Not as far as I knew. Some people now think that General MacArthur worried that the Allies might not be able to agree about what sort of constitution Japan should have, but General MacArthur never said that to me. It’s pure conjecture. (note 2) He did announce publicly that he wanted a constitution finished in time for the elections scheduled in the spring to be a plebiscite. I was surprised when we were told that we had a week to produce a constitution, but we always understood that the main point was to make a more effective criticism of the existing Japanese drafts before the February meeting.

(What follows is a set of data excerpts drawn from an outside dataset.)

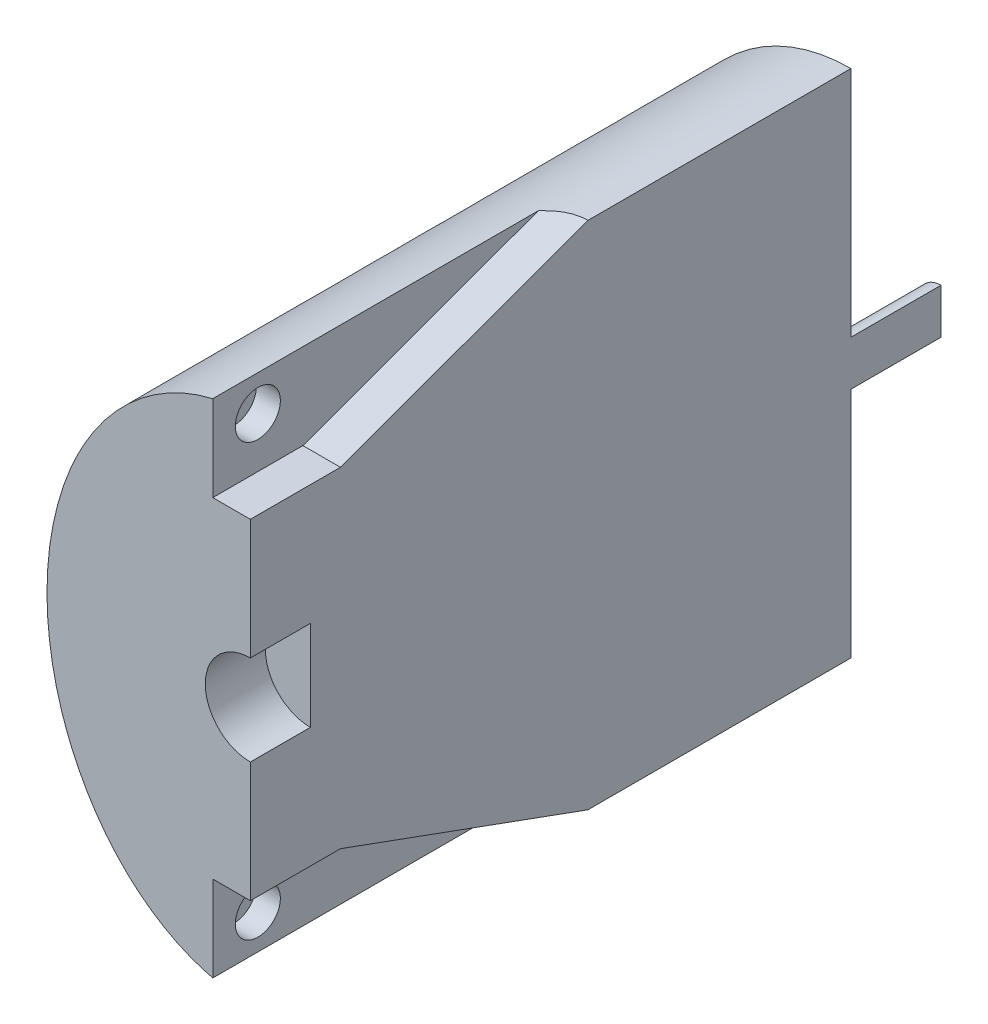
ISO-10303-21;
HEADER;
FILE_DESCRIPTION(('STEP AP214'),'2;1');
FILE_NAME('part.step','',(''),(''),'','','');
FILE_SCHEMA(('AUTOMOTIVE_DESIGN { 1 0 10303 214 1 1 1 1 }'));
ENDSEC;
DATA;
#1=APPLICATION_CONTEXT('core data for automotive mechanical design processes');
#2=APPLICATION_PROTOCOL_DEFINITION('international standard','automotive_design',2000,#1);
#3=PRODUCT_CONTEXT('',#1,'mechanical');
#4=PRODUCT('Part','Part','',(#3));
#5=PRODUCT_RELATED_PRODUCT_CATEGORY('part','',(#4));
#6=PRODUCT_DEFINITION_FORMATION('','',#4);
#7=PRODUCT_DEFINITION_CONTEXT('part definition',#1,'design');
#8=PRODUCT_DEFINITION('design','',#6,#7);
#9=PRODUCT_DEFINITION_SHAPE('','',#8);
#10=(LENGTH_UNIT() NAMED_UNIT(*) SI_UNIT(.MILLI.,.METRE.));
#11=(NAMED_UNIT(*) PLANE_ANGLE_UNIT() SI_UNIT($,.RADIAN.));
#12=(NAMED_UNIT(*) SI_UNIT($,.STERADIAN.) SOLID_ANGLE_UNIT());
#13=UNCERTAINTY_MEASURE_WITH_UNIT(LENGTH_MEASURE(1.E-05),#10,'distance_accuracy_value','');
#14=(GEOMETRIC_REPRESENTATION_CONTEXT(3) GLOBAL_UNCERTAINTY_ASSIGNED_CONTEXT((#13)) GLOBAL_UNIT_ASSIGNED_CONTEXT((#10,
#11,#12)) REPRESENTATION_CONTEXT('',''));
#15=CARTESIAN_POINT('',(0.,0.,0.));
#16=DIRECTION('',(0.,0.,1.));
#17=DIRECTION('',(1.,0.,0.));
#18=AXIS2_PLACEMENT_3D('',#15,#16,#17);
#19=CARTESIAN_POINT('',(-171.829854235586,137.159885705898,100.));
#20=DIRECTION('',(0.,1.,0.));
#21=DIRECTION('',(-1.,0.,0.));
#22=AXIS2_PLACEMENT_3D('',#19,#20,#21);
#23=PLANE('',#22);
#24=DIRECTION('',(-1.,0.,0.));
#25=VECTOR('',#24,1.);
#26=CARTESIAN_POINT('',(-178.830577490545,137.159885705898,170.));
#27=LINE('',#26,#25);
#28=CARTESIAN_POINT('',(-171.829854235586,137.159885705898,170.));
#29=VERTEX_POINT('',#28);
#30=CARTESIAN_POINT('',(-178.830577490545,137.159885705898,170.));
#31=VERTEX_POINT('',#30);
#32=EDGE_CURVE('E352',#29,#31,#27,.T.);
#33=ORIENTED_EDGE('',*,*,#32,.T.);
#34=DIRECTION('',(0.,0.,1.));
#35=VECTOR('',#34,1.);
#36=CARTESIAN_POINT('',(-178.830577490545,137.159885705898,100.));
#37=LINE('',#36,#35);
#38=CARTESIAN_POINT('',(-178.830577490545,137.159885705898,100.));
#39=VERTEX_POINT('',#38);
#40=EDGE_CURVE('E374',#39,#31,#37,.T.);
#41=ORIENTED_EDGE('',*,*,#40,.F.);
#42=DIRECTION('',(-1.,0.,0.));
#43=VECTOR('',#42,1.);
#44=CARTESIAN_POINT('',(-171.829854235586,137.159885705898,100.));
#45=LINE('',#44,#43);
#46=CARTESIAN_POINT('',(-171.829854235586,137.159885705898,100.));
#47=VERTEX_POINT('',#46);
#48=EDGE_CURVE('E356',#47,#39,#45,.T.);
#49=ORIENTED_EDGE('',*,*,#48,.F.);
#50=DIRECTION('',(0.,0.,1.));
#51=VECTOR('',#50,1.);
#52=CARTESIAN_POINT('',(-171.829854235586,137.159885705898,100.));
#53=LINE('',#52,#51);
#54=EDGE_CURVE('E273',#47,#29,#53,.T.);
#55=ORIENTED_EDGE('',*,*,#54,.T.);
#56=EDGE_LOOP('',(#33,#41,#49,#55));
#57=FACE_BOUND('',#56,.T.);
#58=ADVANCED_FACE('F45',(#57),#23,.F.);
#59=CARTESIAN_POINT('',(-171.829854235586,137.159885705898,100.));
#60=DIRECTION('',(1.,0.,0.));
#61=DIRECTION('',(0.,1.,0.));
#62=AXIS2_PLACEMENT_3D('',#59,#60,#61);
#63=PLANE('',#62);
#64=DIRECTION('',(0.,1.,0.));
#65=VECTOR('',#64,1.);
#66=CARTESIAN_POINT('',(-171.829854235586,137.159885705898,170.));
#67=LINE('',#66,#65);
#68=CARTESIAN_POINT('',(-171.829854235585,57.1598857058981,170.));
#69=VERTEX_POINT('',#68);
#70=EDGE_CURVE('E392',#69,#29,#67,.T.);
#71=ORIENTED_EDGE('',*,*,#70,.T.);
#72=ORIENTED_EDGE('',*,*,#54,.F.);
#73=DIRECTION('',(0.,1.,0.));
#74=VECTOR('',#73,1.);
#75=CARTESIAN_POINT('',(-171.829854235586,137.159885705898,100.));
#76=LINE('',#75,#74);
#77=CARTESIAN_POINT('',(-171.829854235585,57.1598857058981,100.));
#78=VERTEX_POINT('',#77);
#79=EDGE_CURVE('E371',#78,#47,#76,.T.);
#80=ORIENTED_EDGE('',*,*,#79,.F.);
#81=DIRECTION('',(0.,0.,1.));
#82=VECTOR('',#81,1.);
#83=CARTESIAN_POINT('',(-171.829854235585,57.1598857058981,100.));
#84=LINE('',#83,#82);
#85=EDGE_CURVE('E279',#78,#69,#84,.T.);
#86=ORIENTED_EDGE('',*,*,#85,.T.);
#87=EDGE_LOOP('',(#71,#72,#80,#86));
#88=FACE_BOUND('',#87,.T.);
#89=ADVANCED_FACE('F239',(#88),#63,.F.);
#90=CARTESIAN_POINT('',(-171.829854235585,57.1598857058981,100.));
#91=DIRECTION('',(0.,-1.,0.));
#92=DIRECTION('',(1.,0.,0.));
#93=AXIS2_PLACEMENT_3D('',#90,#91,#92);
#94=PLANE('',#93);
#95=DIRECTION('',(1.,0.,0.));
#96=VECTOR('',#95,1.);
#97=CARTESIAN_POINT('',(-171.829854235585,57.1598857058981,170.));
#98=LINE('',#97,#96);
#99=CARTESIAN_POINT('',(-178.829854235586,57.1598857058981,170.));
#100=VERTEX_POINT('',#99);
#101=EDGE_CURVE('E224',#100,#69,#98,.T.);
#102=ORIENTED_EDGE('',*,*,#101,.T.);
#103=ORIENTED_EDGE('',*,*,#85,.F.);
#104=DIRECTION('',(1.,0.,0.));
#105=VECTOR('',#104,1.);
#106=CARTESIAN_POINT('',(-171.829854235585,57.1598857058981,100.));
#107=LINE('',#106,#105);
#108=CARTESIAN_POINT('',(-178.829854235586,57.1598857058981,100.));
#109=VERTEX_POINT('',#108);
#110=EDGE_CURVE('E367',#109,#78,#107,.T.);
#111=ORIENTED_EDGE('',*,*,#110,.F.);
#112=DIRECTION('',(0.,0.,1.));
#113=VECTOR('',#112,1.);
#114=CARTESIAN_POINT('',(-178.829854235586,57.1598857058981,100.));
#115=LINE('',#114,#113);
#116=EDGE_CURVE('E379',#109,#100,#115,.T.);
#117=ORIENTED_EDGE('',*,*,#116,.T.);
#118=EDGE_LOOP('',(#102,#103,#111,#117));
#119=FACE_BOUND('',#118,.T.);
#120=ADVANCED_FACE('F242',(#119),#94,.F.);
#121=CARTESIAN_POINT('',(-119.06755766464,97.1607366363261,200.));
#122=DIRECTION('',(0.,0.,1.));
#123=DIRECTION('',(0.,1.,0.));
#124=AXIS2_PLACEMENT_3D('',#121,#122,#123);
#125=ELLIPSE('',#124,85.,67.7310126304816);
#126=DIRECTION('',(0.,0.,-1.));
#127=VECTOR('',#126,1.);
#128=SURFACE_OF_LINEAR_EXTRUSION('',#125,#127);
#129=DIRECTION('',(0.,0.,-1.));
#130=VECTOR('',#129,1.);
#131=CARTESIAN_POINT('',(-119.06755766464,12.1607366363261,200.));
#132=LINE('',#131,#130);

“Not being a Japanese expert, I cannot say for sure, but I believe that it would be hard to demonstrate that democracy and freedom are alien concepts to the Japanese.”

NOTES

1. On February 4, 1946, General Courtney Whitney, head of the Government Section of SCAP (Supreme Commander of the Allied Powers, a term used both for the largely American Occupation government and General Douglas MacArthur) asked Colonel Kades and others to prepare a draft constitution. The draft was written between February 3 and 12, 1946, and presented to the Japanese on February 13. Technically an amendment to the Meiji Constitution of 1889, the draft was modified in subsequent negotiations, approved by the Privy Council and the Diet, promulgated on November 3, 1946, and put into effect on May 3, 1947. Two good English language sources are Charles L. Kades, “The American Role in Revising Japan’s Imperial Constitution,” Political Science Quarterly (summer 1989),  and Robert E. Ward and Sakamoto Yoshikazu, eds., Democratizing Japan: The Allied Occupation (Honolulu: University of Hawaii Press, 1987).

2. Theodore H. McNelly notes that on February 1, 1946, General Whitney urged MacArthur to act before the newly formed Far Eastern Commission started. See his article in the Ward and Sakamoto book, 79.